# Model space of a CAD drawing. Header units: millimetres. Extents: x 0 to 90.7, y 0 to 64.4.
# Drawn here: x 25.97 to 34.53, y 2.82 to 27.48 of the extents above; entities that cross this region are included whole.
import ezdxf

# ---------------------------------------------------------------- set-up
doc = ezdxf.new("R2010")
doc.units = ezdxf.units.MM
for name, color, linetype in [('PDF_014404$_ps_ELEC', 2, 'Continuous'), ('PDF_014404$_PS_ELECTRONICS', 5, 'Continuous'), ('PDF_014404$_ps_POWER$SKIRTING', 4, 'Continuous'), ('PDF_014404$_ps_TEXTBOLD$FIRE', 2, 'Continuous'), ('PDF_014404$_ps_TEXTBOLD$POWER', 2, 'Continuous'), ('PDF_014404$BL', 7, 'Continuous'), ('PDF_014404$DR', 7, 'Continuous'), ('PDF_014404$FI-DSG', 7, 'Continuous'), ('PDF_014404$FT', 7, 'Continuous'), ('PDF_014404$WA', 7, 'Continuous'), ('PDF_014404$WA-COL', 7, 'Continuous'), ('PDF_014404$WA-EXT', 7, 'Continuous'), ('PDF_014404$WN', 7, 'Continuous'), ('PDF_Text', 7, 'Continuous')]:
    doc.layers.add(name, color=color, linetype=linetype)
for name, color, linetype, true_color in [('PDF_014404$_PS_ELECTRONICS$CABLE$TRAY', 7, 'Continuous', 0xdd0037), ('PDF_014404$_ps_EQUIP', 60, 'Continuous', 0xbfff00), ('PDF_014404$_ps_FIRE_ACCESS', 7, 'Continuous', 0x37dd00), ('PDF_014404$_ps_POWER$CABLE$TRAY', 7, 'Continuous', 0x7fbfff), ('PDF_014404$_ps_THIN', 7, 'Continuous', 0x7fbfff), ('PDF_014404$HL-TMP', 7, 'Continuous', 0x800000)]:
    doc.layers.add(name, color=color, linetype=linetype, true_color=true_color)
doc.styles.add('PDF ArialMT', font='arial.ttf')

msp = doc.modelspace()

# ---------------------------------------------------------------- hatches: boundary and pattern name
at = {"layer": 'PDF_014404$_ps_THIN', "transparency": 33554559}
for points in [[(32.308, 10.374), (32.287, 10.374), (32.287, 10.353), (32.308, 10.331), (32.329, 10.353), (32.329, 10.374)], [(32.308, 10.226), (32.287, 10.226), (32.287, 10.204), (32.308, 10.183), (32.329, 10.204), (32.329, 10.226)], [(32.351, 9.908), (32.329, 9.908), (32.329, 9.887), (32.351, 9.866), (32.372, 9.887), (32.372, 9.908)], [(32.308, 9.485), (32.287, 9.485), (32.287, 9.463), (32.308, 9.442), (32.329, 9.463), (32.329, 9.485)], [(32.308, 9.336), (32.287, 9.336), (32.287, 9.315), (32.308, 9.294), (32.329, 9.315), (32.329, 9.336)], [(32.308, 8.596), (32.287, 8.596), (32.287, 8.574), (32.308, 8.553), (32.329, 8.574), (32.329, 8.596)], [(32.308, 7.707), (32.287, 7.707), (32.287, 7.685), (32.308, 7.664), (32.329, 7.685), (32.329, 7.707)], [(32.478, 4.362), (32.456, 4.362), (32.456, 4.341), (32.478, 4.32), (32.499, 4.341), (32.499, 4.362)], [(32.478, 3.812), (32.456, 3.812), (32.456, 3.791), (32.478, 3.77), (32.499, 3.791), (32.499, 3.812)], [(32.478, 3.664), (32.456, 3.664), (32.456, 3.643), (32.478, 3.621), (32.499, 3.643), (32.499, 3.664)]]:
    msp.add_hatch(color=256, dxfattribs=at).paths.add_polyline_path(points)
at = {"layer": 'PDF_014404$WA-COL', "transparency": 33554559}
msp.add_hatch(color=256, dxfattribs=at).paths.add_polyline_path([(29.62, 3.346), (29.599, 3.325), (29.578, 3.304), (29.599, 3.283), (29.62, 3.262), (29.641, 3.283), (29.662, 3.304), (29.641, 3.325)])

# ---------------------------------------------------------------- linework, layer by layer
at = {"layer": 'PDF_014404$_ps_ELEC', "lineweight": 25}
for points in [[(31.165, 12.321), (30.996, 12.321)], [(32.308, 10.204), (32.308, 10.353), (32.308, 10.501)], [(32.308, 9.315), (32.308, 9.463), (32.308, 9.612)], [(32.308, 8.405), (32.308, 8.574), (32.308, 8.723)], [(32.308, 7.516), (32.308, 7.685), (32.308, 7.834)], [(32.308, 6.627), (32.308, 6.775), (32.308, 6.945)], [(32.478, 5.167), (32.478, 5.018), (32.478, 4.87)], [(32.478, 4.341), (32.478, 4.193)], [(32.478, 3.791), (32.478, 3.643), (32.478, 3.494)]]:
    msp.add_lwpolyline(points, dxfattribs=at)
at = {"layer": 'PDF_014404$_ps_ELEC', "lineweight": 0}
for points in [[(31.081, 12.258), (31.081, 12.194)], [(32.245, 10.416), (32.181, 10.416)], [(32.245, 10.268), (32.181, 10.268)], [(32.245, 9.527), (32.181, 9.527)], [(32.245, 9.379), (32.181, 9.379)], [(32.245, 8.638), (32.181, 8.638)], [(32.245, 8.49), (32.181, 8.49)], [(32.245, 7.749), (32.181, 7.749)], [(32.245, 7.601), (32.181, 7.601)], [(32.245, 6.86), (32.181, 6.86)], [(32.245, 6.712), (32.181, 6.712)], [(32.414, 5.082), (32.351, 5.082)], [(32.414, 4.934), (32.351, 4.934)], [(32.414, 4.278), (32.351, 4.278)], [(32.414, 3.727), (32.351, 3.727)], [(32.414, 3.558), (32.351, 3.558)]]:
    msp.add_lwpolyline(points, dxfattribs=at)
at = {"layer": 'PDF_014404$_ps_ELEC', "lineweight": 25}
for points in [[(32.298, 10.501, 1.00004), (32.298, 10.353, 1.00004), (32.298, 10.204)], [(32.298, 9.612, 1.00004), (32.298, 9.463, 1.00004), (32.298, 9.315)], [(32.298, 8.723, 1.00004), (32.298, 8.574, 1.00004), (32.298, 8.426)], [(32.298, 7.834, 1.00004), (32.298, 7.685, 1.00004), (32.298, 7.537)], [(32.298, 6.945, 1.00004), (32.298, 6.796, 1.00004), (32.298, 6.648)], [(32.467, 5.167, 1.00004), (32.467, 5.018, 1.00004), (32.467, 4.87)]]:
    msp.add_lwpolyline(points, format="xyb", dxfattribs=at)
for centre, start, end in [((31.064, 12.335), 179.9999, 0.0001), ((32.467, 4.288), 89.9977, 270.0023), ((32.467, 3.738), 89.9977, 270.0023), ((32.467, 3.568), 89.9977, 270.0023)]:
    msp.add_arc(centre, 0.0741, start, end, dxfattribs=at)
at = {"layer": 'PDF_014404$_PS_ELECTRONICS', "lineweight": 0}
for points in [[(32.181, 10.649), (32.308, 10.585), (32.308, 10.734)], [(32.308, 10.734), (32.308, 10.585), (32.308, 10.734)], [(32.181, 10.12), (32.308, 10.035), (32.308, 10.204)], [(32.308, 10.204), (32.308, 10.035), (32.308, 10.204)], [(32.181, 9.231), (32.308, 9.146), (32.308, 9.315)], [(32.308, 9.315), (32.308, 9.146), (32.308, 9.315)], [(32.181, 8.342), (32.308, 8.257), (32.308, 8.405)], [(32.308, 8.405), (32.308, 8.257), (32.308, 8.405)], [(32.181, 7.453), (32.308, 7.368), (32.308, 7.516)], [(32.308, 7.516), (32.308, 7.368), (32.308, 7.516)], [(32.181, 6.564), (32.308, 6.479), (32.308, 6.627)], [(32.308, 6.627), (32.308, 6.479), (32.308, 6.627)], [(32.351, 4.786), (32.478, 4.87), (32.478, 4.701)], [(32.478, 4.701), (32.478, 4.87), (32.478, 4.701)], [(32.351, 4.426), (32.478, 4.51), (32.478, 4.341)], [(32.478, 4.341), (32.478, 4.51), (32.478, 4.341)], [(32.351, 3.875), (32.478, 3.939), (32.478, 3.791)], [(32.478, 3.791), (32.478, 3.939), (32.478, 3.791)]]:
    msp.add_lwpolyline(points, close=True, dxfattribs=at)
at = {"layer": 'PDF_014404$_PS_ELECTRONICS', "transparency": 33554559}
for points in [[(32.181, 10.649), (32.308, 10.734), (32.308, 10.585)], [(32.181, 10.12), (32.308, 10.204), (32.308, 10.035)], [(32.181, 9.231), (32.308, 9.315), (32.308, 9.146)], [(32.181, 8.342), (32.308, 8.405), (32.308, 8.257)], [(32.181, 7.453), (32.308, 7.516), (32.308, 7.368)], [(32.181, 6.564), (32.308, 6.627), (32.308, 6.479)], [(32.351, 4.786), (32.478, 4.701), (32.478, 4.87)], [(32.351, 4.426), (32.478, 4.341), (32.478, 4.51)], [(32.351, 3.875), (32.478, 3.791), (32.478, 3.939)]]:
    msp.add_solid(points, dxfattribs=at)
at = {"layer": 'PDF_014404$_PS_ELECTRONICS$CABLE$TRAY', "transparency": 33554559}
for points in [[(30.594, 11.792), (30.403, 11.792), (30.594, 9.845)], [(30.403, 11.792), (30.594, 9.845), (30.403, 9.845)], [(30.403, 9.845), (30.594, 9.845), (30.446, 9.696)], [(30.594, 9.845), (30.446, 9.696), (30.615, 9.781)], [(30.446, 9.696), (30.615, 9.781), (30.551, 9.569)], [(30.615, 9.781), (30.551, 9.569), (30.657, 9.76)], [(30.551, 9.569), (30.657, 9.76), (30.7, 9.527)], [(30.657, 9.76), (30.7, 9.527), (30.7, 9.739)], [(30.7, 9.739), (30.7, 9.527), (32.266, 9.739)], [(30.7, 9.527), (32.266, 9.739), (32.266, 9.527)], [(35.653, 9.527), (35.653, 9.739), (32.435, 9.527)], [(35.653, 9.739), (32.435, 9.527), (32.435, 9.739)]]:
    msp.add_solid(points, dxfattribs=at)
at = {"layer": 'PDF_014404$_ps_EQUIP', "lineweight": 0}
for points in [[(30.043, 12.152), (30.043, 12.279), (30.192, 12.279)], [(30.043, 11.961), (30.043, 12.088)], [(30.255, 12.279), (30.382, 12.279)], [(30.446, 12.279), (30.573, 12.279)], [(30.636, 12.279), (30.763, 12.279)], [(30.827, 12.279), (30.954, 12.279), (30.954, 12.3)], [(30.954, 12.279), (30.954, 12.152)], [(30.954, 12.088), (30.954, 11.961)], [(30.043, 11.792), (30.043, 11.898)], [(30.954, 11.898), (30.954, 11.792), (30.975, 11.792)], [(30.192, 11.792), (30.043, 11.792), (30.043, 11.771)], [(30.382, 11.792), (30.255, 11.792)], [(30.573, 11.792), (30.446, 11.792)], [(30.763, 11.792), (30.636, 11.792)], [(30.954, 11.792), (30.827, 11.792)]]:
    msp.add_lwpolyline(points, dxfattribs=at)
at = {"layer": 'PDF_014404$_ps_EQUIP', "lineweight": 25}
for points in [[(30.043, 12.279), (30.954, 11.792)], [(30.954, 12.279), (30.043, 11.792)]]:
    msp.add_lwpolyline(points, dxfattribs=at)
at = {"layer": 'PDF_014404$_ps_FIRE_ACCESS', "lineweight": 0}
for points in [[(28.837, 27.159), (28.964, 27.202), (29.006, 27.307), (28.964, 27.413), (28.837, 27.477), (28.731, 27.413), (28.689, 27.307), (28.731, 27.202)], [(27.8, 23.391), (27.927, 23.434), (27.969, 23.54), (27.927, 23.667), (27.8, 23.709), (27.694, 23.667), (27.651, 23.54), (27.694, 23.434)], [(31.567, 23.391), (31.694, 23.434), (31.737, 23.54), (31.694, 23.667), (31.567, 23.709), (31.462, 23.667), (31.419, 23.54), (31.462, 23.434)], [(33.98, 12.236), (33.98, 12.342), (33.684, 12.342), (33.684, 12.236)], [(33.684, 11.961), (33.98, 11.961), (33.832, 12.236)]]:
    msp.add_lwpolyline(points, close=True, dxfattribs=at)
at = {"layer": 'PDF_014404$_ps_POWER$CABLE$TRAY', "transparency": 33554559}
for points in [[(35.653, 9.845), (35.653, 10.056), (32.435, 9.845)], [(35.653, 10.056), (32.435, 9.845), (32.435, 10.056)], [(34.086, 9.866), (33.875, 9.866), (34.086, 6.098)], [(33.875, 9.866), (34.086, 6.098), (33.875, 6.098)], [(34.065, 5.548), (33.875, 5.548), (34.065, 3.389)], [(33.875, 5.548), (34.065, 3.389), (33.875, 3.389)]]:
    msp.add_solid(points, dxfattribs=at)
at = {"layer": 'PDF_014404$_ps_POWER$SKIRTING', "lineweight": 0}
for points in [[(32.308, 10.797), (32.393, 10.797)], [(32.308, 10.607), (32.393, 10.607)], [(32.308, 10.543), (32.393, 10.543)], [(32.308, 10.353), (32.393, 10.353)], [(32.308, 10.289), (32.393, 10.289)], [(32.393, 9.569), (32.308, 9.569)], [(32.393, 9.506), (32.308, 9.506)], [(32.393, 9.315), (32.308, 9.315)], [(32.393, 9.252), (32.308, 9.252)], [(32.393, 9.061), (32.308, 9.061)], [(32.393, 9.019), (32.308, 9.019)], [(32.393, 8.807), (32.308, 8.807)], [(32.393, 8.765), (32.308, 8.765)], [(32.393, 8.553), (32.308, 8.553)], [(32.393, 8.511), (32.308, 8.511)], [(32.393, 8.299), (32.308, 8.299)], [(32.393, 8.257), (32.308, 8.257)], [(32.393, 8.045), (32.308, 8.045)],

--------

■ Instructions for the task
Report the number of lines in the records above that include "centre", leaving out any other words.

■ Exercise result
2